┌──

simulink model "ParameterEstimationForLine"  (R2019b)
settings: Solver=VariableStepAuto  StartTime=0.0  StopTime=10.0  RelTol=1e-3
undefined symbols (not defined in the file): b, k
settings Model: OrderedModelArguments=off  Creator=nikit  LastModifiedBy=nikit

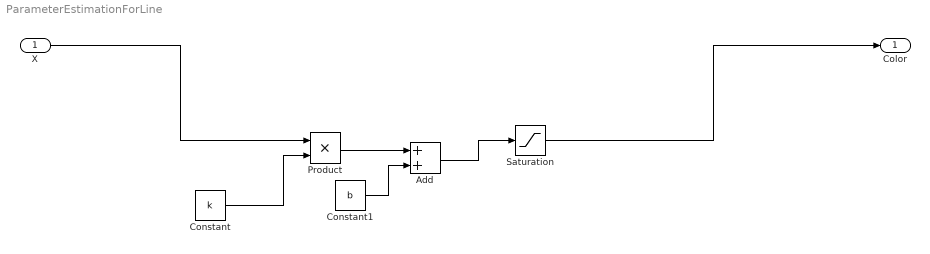
== system ParameterEstimationForLine ==
  X : Inport
  Add : Sum
  Constant : Constant  Value=k
  Constant1 : Constant  Value=b
  Product : Product
  Saturation : Saturate  UpperLimit=32  LowerLimit=3
  Color : Outport
  wires:
  Saturation/1 -> Color/1
  X/1 -> Product/1
  Product/1 -> Add/1
  Add/1 -> Saturation/1
  Constant/1 -> Product/2
  Constant1/1 -> Add/2

└──

__Work instructions__. Only the pictures are to be left out; copy all the remaining material above exactly.

__Answer box__.
simulink model "ParameterEstimationForLine"  (R2019b)
settings: Solver=VariableStepAuto  StartTime=0.0  StopTime=10.0  RelTol=1e-3
undefined symbols (not defined in the file): b, k
settings Model: OrderedModelArguments=off  Creator=nikit  LastModifiedBy=nikit

== system ParameterEstimationForLine ==
  X : Inport
  Add : Sum
  Constant : Constant  Value=k
  Constant1 : Constant  Value=b
  Product : Product
  Saturation : Saturate  UpperLimit=32  LowerLimit=3
  Color : Outport
  wires:
  Saturation/1 -> Color/1
  X/1 -> Product/1
  Product/1 -> Add/1
  Add/1 -> Saturation/1
  Constant/1 -> Product/2
  Constant1/1 -> Add/2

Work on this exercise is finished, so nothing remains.